### Your assignment
State how many lines in the listing below include the string "ezdxf". The answer is the number alone.

### Task material
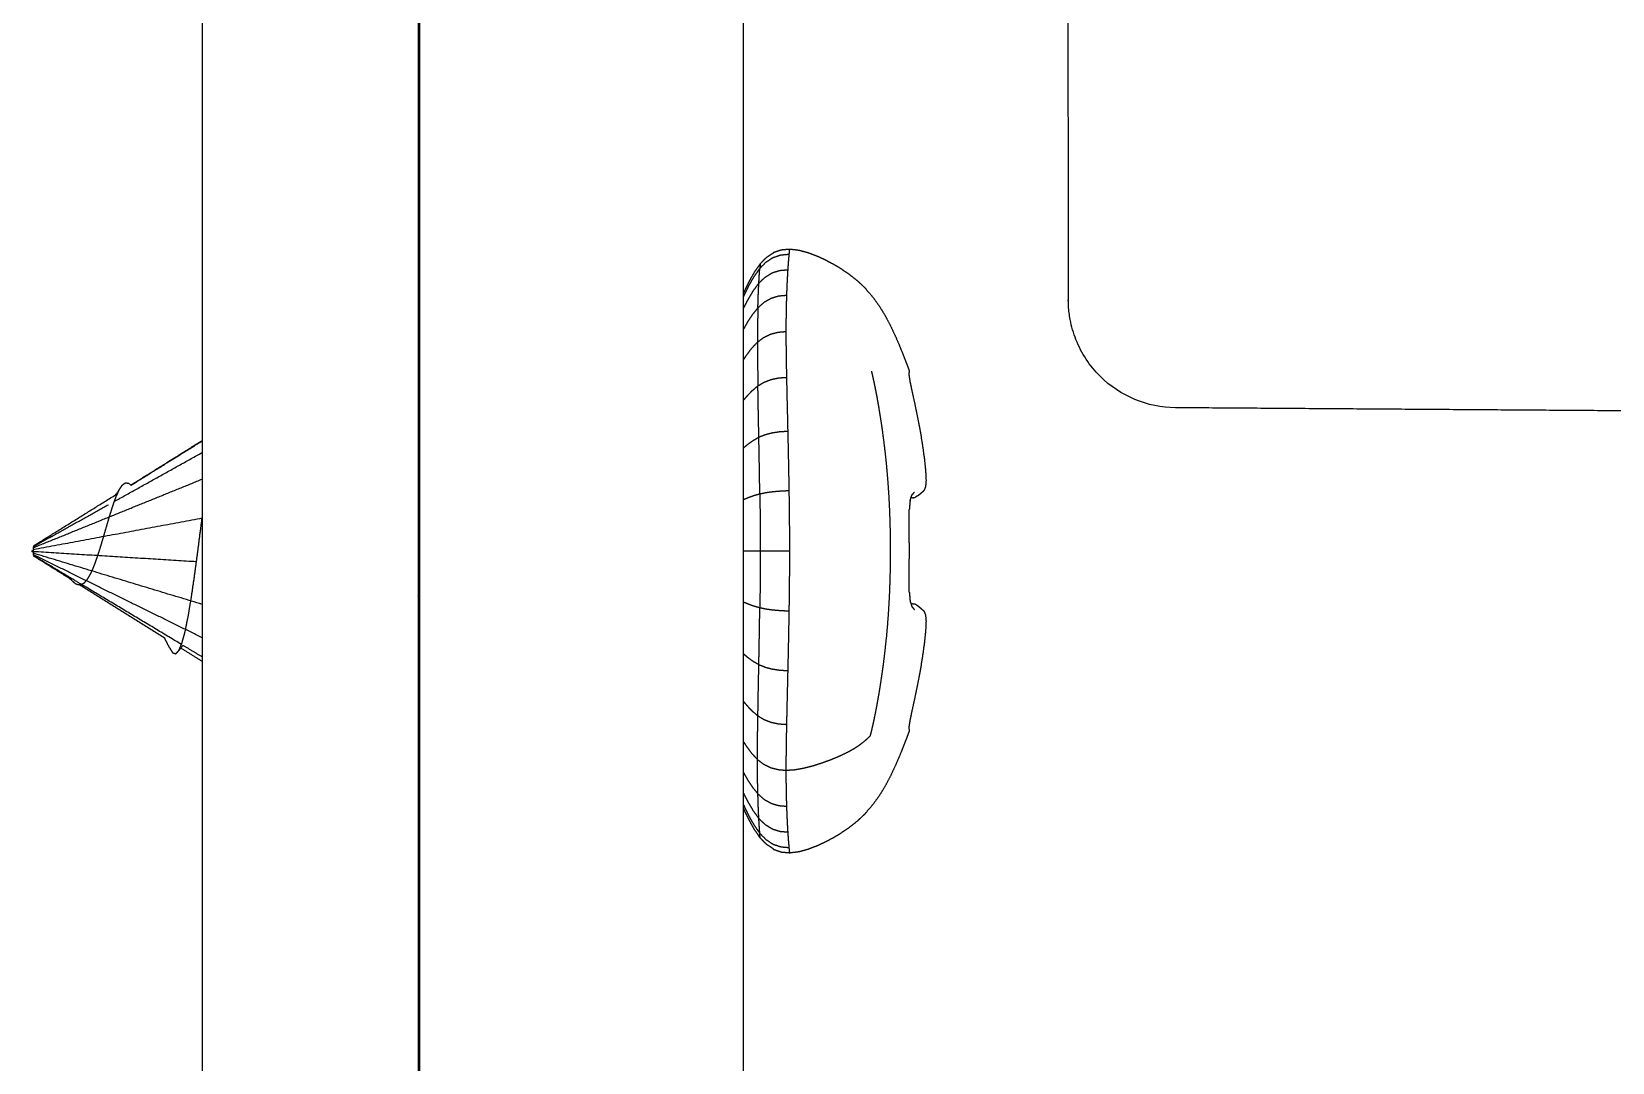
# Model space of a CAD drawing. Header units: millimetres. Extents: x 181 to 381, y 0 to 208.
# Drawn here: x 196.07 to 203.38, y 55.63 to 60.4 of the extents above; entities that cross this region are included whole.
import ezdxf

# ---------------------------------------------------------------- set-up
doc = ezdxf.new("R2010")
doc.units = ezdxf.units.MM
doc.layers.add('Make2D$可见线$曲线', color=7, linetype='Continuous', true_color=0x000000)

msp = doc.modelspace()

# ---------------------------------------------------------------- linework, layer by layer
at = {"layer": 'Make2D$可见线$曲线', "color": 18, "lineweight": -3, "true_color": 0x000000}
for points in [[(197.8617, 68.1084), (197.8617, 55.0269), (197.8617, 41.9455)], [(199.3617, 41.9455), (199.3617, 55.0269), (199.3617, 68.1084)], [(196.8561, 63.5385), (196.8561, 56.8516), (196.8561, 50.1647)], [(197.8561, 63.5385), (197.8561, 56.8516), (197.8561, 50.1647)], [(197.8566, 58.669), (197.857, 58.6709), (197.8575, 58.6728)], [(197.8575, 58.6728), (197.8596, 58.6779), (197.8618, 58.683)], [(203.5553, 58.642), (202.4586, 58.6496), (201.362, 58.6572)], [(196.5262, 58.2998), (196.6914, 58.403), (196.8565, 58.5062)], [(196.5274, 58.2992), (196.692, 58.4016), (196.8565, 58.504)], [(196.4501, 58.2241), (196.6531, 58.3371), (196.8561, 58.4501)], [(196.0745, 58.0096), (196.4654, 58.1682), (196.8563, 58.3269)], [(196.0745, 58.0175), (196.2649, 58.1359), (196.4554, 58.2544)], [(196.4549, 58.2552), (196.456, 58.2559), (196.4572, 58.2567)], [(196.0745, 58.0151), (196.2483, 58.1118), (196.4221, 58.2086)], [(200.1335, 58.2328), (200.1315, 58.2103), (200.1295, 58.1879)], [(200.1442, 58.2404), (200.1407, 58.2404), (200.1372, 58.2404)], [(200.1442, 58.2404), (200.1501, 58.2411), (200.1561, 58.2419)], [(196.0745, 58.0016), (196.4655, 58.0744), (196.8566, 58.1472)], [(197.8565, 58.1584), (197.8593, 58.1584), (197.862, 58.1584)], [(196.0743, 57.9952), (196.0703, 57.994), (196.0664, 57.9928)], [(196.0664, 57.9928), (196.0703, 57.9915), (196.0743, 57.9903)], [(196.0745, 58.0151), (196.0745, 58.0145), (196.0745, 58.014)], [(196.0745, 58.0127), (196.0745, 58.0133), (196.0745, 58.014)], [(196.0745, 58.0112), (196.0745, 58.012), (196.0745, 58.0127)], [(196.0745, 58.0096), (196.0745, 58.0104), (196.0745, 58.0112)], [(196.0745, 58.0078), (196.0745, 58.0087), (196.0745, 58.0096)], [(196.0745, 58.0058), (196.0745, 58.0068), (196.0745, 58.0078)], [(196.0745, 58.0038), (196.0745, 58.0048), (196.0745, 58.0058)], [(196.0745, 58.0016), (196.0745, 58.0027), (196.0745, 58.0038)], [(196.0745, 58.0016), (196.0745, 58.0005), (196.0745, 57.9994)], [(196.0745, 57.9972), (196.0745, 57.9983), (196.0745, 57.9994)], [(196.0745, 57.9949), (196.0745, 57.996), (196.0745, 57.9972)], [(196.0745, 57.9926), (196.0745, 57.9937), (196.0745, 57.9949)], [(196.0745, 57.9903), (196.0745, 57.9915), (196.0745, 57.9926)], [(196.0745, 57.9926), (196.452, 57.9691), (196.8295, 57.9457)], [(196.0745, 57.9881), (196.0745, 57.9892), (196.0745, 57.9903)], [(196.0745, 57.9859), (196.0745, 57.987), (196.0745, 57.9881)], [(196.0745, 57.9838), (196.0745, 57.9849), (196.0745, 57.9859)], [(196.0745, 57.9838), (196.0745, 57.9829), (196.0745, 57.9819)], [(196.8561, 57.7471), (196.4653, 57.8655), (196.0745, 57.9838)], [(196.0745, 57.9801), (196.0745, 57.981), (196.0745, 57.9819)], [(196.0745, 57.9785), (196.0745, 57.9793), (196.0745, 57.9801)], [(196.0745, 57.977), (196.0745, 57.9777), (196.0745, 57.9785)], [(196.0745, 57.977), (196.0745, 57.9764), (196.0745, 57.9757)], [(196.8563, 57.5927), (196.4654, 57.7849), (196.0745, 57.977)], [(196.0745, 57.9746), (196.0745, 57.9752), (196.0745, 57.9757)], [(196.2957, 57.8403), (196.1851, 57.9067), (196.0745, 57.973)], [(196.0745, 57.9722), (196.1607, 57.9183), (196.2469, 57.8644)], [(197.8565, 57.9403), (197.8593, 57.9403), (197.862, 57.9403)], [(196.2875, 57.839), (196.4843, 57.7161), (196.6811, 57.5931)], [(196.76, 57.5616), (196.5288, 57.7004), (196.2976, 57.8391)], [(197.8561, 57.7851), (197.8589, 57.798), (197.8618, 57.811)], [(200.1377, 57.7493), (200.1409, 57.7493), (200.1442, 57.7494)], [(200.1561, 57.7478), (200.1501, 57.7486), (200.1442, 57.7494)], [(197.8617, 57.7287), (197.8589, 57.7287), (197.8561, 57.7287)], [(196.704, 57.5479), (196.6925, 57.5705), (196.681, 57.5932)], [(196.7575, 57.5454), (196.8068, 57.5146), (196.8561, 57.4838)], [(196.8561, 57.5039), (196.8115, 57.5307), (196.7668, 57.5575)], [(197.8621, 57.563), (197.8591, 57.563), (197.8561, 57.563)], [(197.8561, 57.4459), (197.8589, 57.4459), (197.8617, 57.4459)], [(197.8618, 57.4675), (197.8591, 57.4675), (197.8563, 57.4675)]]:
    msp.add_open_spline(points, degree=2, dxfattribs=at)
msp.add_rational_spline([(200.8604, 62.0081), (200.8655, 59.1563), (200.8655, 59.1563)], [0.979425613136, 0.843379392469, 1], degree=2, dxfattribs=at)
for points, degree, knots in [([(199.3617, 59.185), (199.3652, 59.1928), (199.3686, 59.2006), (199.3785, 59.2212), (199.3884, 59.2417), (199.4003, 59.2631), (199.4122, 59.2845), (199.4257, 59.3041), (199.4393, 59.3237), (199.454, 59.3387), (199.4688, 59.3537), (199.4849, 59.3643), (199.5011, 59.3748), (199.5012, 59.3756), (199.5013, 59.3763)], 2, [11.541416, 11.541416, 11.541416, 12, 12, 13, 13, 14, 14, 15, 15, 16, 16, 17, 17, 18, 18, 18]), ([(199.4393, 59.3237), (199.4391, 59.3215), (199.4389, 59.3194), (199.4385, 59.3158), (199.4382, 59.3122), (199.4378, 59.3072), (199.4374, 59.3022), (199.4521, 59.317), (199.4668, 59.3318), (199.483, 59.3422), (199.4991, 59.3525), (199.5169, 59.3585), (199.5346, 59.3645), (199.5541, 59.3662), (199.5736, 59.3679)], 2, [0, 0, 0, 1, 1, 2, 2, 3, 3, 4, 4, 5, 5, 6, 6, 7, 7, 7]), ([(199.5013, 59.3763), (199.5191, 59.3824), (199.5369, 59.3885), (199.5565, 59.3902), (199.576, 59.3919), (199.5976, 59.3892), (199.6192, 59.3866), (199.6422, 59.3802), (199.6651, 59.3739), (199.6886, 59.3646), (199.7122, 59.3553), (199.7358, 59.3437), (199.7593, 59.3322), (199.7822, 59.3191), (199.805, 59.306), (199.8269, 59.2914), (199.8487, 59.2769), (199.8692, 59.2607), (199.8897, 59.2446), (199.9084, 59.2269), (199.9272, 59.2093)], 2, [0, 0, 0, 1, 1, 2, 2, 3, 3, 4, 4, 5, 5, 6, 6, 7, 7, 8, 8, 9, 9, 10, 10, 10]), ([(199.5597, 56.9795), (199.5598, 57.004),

### Task solution
3